Collection entries:
*** Begin section ***

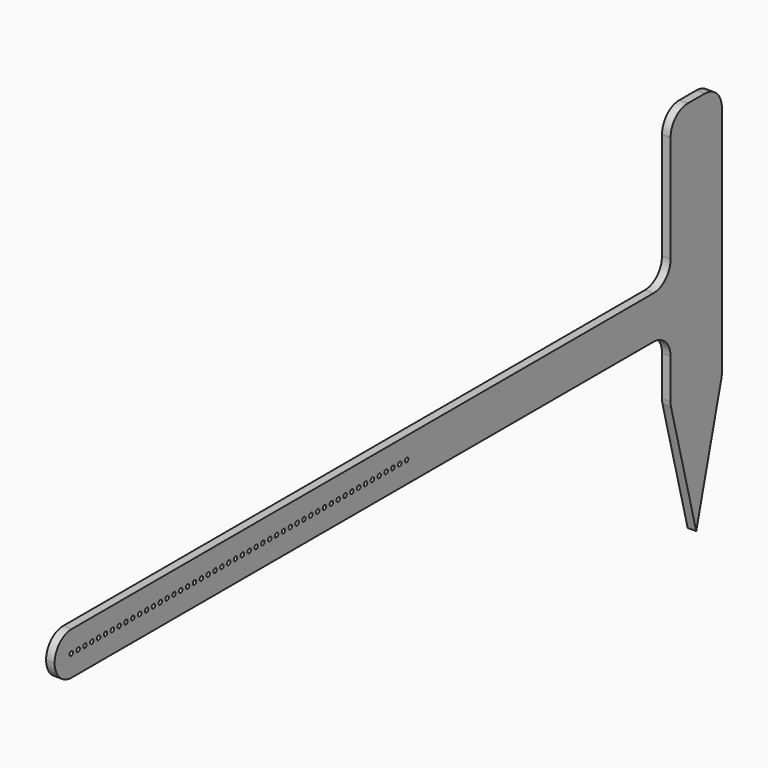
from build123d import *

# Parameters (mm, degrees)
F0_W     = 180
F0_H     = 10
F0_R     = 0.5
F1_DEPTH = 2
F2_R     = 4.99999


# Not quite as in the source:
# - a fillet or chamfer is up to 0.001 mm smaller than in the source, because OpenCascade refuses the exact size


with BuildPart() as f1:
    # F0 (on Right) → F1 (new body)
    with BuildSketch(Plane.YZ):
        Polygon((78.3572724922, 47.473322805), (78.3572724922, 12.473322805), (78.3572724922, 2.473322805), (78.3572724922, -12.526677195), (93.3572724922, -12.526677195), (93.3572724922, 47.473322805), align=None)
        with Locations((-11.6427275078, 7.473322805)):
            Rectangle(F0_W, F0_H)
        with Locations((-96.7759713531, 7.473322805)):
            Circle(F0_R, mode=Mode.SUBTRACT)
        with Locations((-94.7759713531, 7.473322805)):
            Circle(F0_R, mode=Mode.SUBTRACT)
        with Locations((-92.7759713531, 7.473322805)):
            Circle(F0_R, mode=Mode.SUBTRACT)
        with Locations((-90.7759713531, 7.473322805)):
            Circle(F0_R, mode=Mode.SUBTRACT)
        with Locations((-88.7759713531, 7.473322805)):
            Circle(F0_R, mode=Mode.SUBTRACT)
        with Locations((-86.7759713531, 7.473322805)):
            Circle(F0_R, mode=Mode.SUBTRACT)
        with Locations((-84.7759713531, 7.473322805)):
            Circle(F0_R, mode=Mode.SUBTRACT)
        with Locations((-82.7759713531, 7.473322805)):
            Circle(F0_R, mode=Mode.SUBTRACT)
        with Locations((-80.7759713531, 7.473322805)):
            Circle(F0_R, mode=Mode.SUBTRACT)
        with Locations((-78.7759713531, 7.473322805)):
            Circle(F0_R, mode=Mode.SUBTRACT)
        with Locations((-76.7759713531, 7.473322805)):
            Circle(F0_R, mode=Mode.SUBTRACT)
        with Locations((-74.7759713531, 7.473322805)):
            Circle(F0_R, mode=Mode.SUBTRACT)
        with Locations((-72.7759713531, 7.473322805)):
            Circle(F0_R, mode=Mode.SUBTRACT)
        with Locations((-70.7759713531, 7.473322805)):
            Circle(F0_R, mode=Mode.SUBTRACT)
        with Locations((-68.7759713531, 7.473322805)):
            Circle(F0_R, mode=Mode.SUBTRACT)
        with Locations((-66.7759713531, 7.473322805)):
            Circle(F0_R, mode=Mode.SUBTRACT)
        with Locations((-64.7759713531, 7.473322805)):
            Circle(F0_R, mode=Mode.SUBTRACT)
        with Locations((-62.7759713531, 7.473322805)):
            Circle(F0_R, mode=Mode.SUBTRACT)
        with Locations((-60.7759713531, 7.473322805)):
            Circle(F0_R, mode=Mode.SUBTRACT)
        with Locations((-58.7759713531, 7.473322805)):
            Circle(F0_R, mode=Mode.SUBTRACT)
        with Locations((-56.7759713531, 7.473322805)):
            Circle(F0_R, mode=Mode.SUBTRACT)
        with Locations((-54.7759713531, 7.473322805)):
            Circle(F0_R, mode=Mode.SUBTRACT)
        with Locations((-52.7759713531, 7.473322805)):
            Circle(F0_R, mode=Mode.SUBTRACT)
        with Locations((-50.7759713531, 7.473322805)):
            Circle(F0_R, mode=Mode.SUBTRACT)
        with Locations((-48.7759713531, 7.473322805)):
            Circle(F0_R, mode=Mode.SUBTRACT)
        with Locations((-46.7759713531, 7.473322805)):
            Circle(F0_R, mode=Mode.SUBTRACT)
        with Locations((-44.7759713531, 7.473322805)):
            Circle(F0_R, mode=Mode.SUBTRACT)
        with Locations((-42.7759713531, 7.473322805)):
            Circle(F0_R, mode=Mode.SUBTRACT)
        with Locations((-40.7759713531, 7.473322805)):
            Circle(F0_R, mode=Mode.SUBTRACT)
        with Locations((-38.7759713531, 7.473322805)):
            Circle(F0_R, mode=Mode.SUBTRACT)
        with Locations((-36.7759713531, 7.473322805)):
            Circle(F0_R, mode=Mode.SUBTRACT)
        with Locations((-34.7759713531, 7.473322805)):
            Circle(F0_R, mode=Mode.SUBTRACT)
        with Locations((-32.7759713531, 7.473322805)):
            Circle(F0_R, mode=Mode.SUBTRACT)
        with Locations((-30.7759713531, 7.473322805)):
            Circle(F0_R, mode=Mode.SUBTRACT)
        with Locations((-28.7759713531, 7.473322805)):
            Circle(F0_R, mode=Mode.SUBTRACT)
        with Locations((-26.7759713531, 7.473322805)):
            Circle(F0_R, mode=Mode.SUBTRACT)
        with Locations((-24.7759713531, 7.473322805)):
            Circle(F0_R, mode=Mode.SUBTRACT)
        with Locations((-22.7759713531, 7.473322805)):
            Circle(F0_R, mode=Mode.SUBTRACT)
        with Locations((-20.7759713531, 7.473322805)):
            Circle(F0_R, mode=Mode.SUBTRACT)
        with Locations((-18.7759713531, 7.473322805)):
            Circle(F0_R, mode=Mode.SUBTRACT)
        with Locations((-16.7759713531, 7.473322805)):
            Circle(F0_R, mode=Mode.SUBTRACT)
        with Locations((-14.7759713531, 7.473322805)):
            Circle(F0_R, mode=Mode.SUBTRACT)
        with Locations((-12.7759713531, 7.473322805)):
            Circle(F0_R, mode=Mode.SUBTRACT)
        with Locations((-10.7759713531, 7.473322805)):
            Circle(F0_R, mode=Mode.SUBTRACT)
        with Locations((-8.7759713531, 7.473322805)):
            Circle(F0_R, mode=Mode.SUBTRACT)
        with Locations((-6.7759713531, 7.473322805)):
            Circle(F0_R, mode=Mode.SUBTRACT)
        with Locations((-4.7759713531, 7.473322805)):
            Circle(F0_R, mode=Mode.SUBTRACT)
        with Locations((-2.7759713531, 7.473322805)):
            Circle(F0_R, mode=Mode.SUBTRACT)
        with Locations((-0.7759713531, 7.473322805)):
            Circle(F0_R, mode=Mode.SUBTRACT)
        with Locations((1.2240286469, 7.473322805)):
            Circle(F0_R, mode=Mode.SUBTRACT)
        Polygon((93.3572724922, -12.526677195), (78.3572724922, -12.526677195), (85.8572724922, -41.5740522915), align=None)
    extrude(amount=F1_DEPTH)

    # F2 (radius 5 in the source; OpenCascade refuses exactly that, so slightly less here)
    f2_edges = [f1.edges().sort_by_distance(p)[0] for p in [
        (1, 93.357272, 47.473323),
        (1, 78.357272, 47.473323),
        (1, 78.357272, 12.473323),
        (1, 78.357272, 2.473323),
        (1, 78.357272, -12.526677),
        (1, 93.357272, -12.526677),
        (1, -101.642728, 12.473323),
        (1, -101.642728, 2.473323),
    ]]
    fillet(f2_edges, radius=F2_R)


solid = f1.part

*** End section ***

Assignment:
Word for word, restate all of the data, but do not copy the pictures.

Expected answer:
from build123d import *

# Parameters (mm, degrees)
F0_W     = 180
F0_H     = 10
F0_R     = 0.5
F1_DEPTH = 2
F2_R     = 4.99999


# Not quite as in the source:
# - a fillet or chamfer is up to 0.001 mm smaller than in the source, because OpenCascade refuses the exact size


with BuildPart() as f1:
    # F0 (on Right) → F1 (new body)
    with BuildSketch(Plane.YZ):
        Polygon((78.3572724922, 47.473322805), (78.3572724922, 12.473322805), (78.3572724922, 2.473322805), (78.3572724922, -12.526677195), (93.3572724922, -12.526677195), (93.3572724922, 47.473322805), align=None)
        with Locations((-11.6427275078, 7.473322805)):
            Rectangle(F0_W, F0_H)
        with Locations((-96.7759713531, 7.473322805)):
            Circle(F0_R, mode=Mode.SUBTRACT)
        with Locations((-94.7759713531, 7.473322805)):
            Circle(F0_R, mode=Mode.SUBTRACT)
        with Locations((-92.7759713531, 7.473322805)):
            Circle(F0_R, mode=Mode.SUBTRACT)
        with Locations((-90.7759713531, 7.473322805)):
            Circle(F0_R, mode=Mode.SUBTRACT)
        with Locations((-88.7759713531, 7.473322805)):
            Circle(F0_R, mode=Mode.SUBTRACT)
        with Locations((-86.7759713531, 7.473322805)):
            Circle(F0_R, mode=Mode.SUBTRACT)
        with Locations((-84.7759713531, 7.473322805)):
            Circle(F0_R, mode=Mode.SUBTRACT)
        with Locations((-82.7759713531, 7.473322805)):
            Circle(F0_R, mode=Mode.SUBTRACT)
        with Locations((-80.7759713531, 7.473322805)):
            Circle(F0_R, mode=Mode.SUBTRACT)
        with Locations((-78.7759713531, 7.473322805)):
            Circle(F0_R, mode=Mode.SUBTRACT)
        with Locations((-76.7759713531, 7.473322805)):
            Circle(F0_R, mode=Mode.SUBTRACT)
        with Locations((-74.7759713531, 7.473322805)):
            Circle(F0_R, mode=Mode.SUBTRACT)
        with Locations((-72.7759713531, 7.473322805)):
            Circle(F0_R, mode=Mode.SUBTRACT)
        with Locations((-70.7759713531, 7.473322805)):
            Circle(F0_R, mode=Mode.SUBTRACT)
        with Locations((-68.7759713531, 7.473322805)):
            Circle(F0_R, mode=Mode.SUBTRACT)
        with Locations((-66.7759713531, 7.473322805)):
            Circle(F0_R, mode=Mode.SUBTRACT)
        with Locations((-64.7759713531, 7.473322805)):
            Circle(F0_R, mode=Mode.SUBTRACT)
        with Locations((-62.7759713531, 7.473322805)):
            Circle(F0_R, mode=Mode.SUBTRACT)
        with Locations((-60.7759713531, 7.473322805)):
            Circle(F0_R, mode=Mode.SUBTRACT)
        with Locations((-58.7759713531, 7.473322805)):
            Circle(F0_R, mode=Mode.SUBTRACT)
        with Locations((-56.7759713531, 7.473322805)):
            Circle(F0_R, mode=Mode.SUBTRACT)
        with Locations((-54.7759713531, 7.473322805)):
            Circle(F0_R, mode=Mode.SUBTRACT)
        with Locations((-52.7759713531, 7.473322805)):
            Circle(F0_R, mode=Mode.SUBTRACT)
        with Locations((-50.7759713531, 7.473322805)):
            Circle(F0_R, mode=Mode.SUBTRACT)
        with Locations((-48.7759713531, 7.473322805)):
            Circle(F0_R, mode=Mode.SUBTRACT)
        with Locations((-46.7759713531, 7.473322805)):
            Circle(F0_R, mode=Mode.SUBTRACT)
        with Locations((-44.7759713531, 7.473322805)):
            Circle(F0_R, mode=Mode.SUBTRACT)
        with Locations((-42.7759713531, 7.473322805)):
            Circle(F0_R, mode=Mode.SUBTRACT)
        with Locations((-40.7759713531, 7.473322805)):
            Circle(F0_R, mode=Mode.SUBTRACT)
        with Locations((-38.7759713531, 7.473322805)):
            Circle(F0_R, mode=Mode.SUBTRACT)
        with Locations((-36.7759713531, 7.473322805)):
            Circle(F0_R, mode=Mode.SUBTRACT)
        with Locations((-34.7759713531, 7.473322805)):
            Circle(F0_R, mode=Mode.SUBTRACT)
        with Locations((-32.7759713531, 7.473322805)):
            Circle(F0_R, mode=Mode.SUBTRACT)
        with Locations((-30.7759713531, 7.473322805)):
            Circle(F0_R, mode=Mode.SUBTRACT)
        with Locations((-28.7759713531, 7.473322805)):
            Circle(F0_R, mode=Mode.SUBTRACT)
        with Locations((-26.7759713531, 7.473322805)):
            Circle(F0_R, mode=Mode.SUBTRACT)
        with Locations((-24.7759713531, 7.473322805)):
            Circle(F0_R, mode=Mode.SUBTRACT)
        with Locations((-22.7759713531, 7.473322805)):
            Circle(F0_R, mode=Mode.SUBTRACT)
        with Locations((-20.7759713531, 7.473322805)):
            Circle(F0_R, mode=Mode.SUBTRACT)
        with Locations((-18.7759713531, 7.473322805)):
            Circle(F0_R, mode=Mode.SUBTRACT)
        with Locations((-16.7759713531, 7.473322805)):
            Circle(F0_R, mode=Mode.SUBTRACT)
        with Locations((-14.7759713531, 7.473322805)):
            Circle(F0_R, mode=Mode.SUBTRACT)
        with Locations((-12.7759713531, 7.473322805)):
            Circle(F0_R, mode=Mode.SUBTRACT)
        with Locations((-10.7759713531, 7.473322805)):
            Circle(F0_R, mode=Mode.SUBTRACT)
        with Locations((-8.7759713531, 7.473322805)):
            Circle(F0_R, mode=Mode.SUBTRACT)
        with Locations((-6.7759713531, 7.473322805)):
            Circle(F0_R, mode=Mode.SUBTRACT)
        with Locations((-4.7759713531, 7.473322805)):
            Circle(F0_R, mode=Mode.SUBTRACT)
        with Locations((-2.7759713531, 7.473322805)):
            Circle(F0_R, mode=Mode.SUBTRACT)
        with Locations((-0.7759713531, 7.473322805)):
            Circle(F0_R, mode=Mode.SUBTRACT)
        with Locations((1.2240286469, 7.473322805)):
            Circle(F0_R, mode=Mode.SUBTRACT)
        Polygon((93.3572724922, -12.526677195), (78.3572724922, -12.526677195), (85.8572724922, -41.5740522915), align=None)
    extrude(amount=F1_DEPTH)

    # F2 (radius 5 in the source; OpenCascade refuses exactly that, so slightly less here)
    f2_edges = [f1.edges().sort_by_distance(p)[0] for p in [
        (1, 93.357272, 47.473323),
        (1, 78.357272, 47.473323),
        (1, 78.357272, 12.473323),
        (1, 78.357272, 2.473323),
        (1, 78.357272, -12.526677),
        (1, 93.357272, -12.526677),
        (1, -101.642728, 12.473323),
        (1, -101.642728, 2.473323),
    ]]
    fillet(f2_edges, radius=F2_R)


solid = f1.part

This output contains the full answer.